Listed entries section start

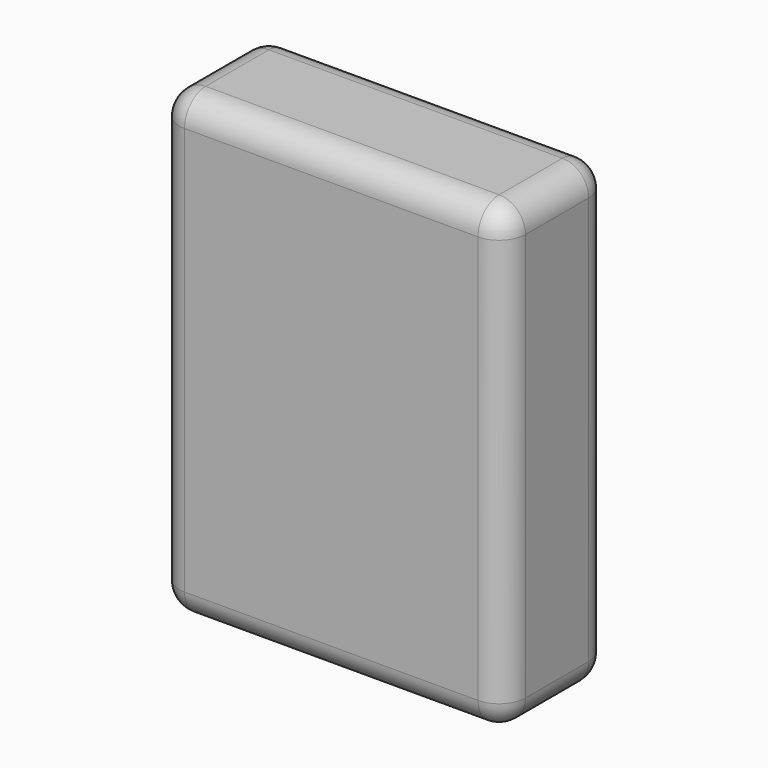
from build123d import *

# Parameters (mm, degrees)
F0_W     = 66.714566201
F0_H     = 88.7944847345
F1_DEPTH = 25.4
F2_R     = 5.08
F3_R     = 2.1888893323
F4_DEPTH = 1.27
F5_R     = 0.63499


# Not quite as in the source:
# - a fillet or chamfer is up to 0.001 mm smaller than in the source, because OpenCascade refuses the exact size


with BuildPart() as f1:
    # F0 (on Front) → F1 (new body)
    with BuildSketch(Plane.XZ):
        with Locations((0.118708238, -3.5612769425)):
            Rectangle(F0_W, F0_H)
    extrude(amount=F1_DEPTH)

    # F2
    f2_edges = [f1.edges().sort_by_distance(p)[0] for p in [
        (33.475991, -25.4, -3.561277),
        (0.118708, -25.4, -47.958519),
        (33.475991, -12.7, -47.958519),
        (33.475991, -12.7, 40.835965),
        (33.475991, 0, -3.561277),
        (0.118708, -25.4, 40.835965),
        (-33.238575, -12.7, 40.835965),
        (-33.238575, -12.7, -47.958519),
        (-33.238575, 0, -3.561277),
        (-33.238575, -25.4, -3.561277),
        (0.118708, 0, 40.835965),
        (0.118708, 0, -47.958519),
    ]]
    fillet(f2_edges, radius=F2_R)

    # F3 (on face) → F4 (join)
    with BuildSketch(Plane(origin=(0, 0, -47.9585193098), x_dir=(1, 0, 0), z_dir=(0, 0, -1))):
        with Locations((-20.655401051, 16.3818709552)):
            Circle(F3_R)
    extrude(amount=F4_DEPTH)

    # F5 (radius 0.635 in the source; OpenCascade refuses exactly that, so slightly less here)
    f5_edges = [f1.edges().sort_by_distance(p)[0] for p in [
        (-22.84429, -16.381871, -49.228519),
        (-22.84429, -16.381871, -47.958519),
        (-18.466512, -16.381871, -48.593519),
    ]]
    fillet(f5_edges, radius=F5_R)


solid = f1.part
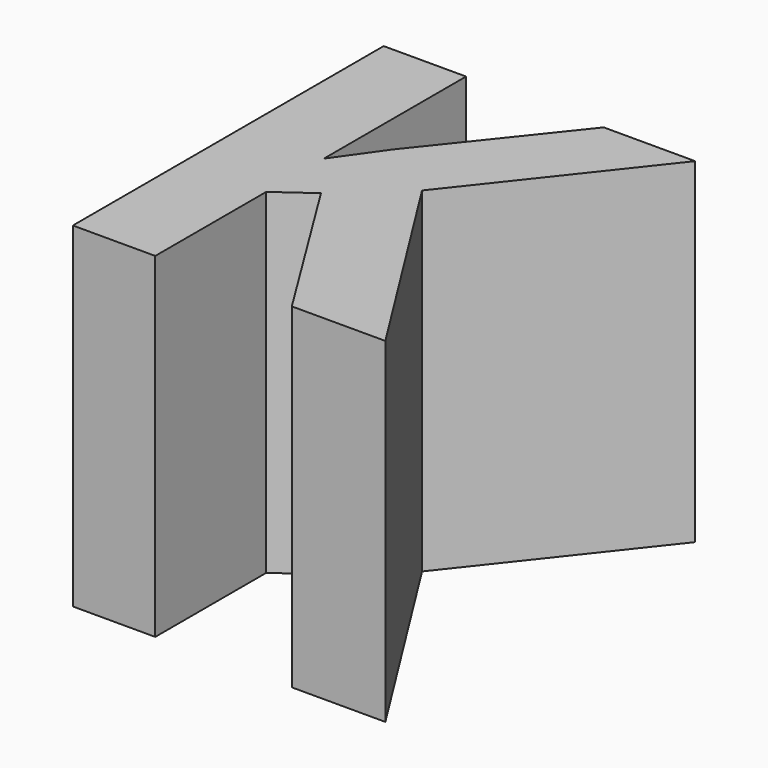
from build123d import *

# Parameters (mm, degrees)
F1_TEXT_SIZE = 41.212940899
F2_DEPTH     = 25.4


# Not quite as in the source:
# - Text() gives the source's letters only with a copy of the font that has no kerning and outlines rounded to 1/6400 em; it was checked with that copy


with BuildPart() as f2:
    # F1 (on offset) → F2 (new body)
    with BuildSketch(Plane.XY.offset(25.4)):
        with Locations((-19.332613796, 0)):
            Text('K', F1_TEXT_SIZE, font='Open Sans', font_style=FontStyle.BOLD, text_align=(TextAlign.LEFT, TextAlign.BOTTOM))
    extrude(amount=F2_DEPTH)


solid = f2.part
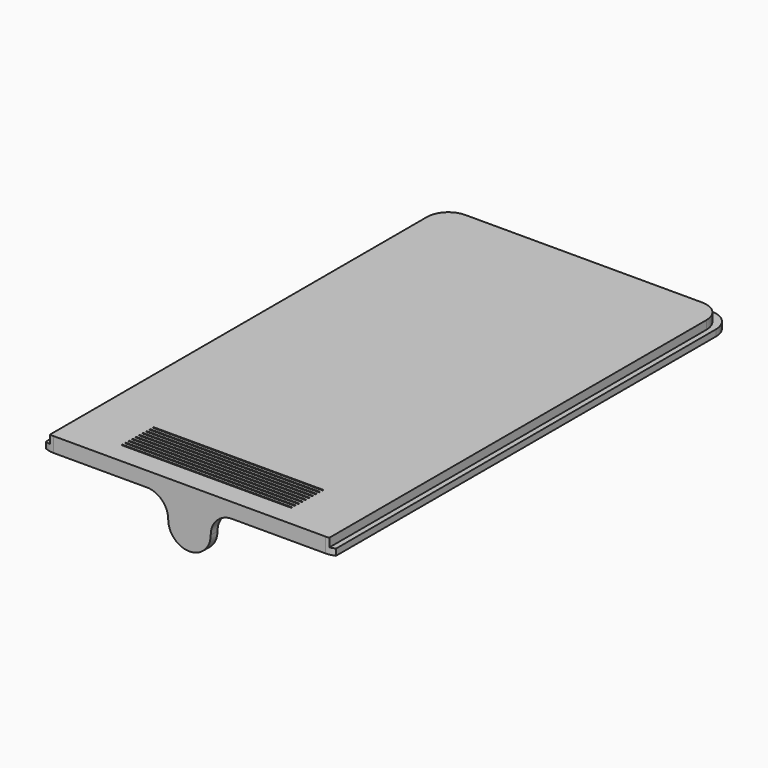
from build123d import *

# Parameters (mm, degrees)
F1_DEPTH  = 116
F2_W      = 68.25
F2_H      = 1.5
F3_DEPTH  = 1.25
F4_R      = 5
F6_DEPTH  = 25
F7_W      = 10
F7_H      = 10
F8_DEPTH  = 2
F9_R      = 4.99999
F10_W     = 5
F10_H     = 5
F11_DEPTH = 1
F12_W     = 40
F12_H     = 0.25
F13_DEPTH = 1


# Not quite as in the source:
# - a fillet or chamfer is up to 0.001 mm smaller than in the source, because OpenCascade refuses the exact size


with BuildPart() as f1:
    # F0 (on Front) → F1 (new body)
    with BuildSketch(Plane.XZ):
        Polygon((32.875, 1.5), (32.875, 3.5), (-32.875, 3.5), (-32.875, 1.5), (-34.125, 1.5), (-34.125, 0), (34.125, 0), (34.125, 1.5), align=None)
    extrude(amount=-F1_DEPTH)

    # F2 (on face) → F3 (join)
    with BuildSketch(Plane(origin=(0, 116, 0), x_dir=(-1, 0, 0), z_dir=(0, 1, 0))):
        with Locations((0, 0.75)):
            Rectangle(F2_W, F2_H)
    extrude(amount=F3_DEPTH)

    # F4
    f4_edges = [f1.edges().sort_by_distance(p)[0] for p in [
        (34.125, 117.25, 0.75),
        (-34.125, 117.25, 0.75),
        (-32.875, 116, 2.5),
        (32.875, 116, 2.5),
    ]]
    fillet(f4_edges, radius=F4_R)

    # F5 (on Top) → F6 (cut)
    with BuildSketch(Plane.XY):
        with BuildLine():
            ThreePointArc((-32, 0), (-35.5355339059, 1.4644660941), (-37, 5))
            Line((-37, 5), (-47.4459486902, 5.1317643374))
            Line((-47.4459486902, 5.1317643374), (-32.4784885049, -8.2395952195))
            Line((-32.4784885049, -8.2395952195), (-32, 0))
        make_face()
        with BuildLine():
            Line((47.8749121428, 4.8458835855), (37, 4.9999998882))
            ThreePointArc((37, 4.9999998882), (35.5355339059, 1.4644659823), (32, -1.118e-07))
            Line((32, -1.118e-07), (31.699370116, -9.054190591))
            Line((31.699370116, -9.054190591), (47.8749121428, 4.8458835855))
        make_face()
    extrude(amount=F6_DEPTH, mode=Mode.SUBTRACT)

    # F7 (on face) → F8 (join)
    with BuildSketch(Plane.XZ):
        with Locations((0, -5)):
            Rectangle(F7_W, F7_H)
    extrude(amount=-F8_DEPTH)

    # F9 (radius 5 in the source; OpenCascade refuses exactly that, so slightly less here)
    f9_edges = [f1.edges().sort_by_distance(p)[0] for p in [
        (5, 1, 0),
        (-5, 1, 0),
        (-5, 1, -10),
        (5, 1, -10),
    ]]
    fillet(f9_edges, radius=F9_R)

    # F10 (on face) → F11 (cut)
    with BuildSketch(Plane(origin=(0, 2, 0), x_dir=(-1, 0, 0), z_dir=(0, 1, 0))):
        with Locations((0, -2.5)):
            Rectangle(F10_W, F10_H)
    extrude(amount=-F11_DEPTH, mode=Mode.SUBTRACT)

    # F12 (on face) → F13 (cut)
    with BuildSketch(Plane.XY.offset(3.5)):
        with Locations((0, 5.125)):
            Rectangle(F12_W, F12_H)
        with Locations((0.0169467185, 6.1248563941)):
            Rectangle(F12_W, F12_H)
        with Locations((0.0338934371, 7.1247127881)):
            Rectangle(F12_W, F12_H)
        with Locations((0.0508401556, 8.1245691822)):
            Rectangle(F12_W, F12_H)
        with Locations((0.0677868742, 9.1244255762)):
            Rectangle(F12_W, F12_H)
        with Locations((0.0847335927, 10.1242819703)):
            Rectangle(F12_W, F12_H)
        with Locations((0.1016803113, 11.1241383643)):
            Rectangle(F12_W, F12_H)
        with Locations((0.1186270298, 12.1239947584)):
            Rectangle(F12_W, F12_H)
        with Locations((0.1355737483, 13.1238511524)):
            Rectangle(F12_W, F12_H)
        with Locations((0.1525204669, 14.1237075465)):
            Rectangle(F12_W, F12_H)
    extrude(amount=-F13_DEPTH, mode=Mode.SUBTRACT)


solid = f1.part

Listed entries section end

Copy out every line of the material above that contains the string "font".

# - Text() gives the source's letters only with a copy of the font that has no kerning and outlines rounded to 1/6400 em; it was checked with that copy
            Text('K', F1_TEXT_SIZE, font='Open Sans', font_style=FontStyle.BOLD, text_align=(TextAlign.LEFT, TextAlign.BOTTOM))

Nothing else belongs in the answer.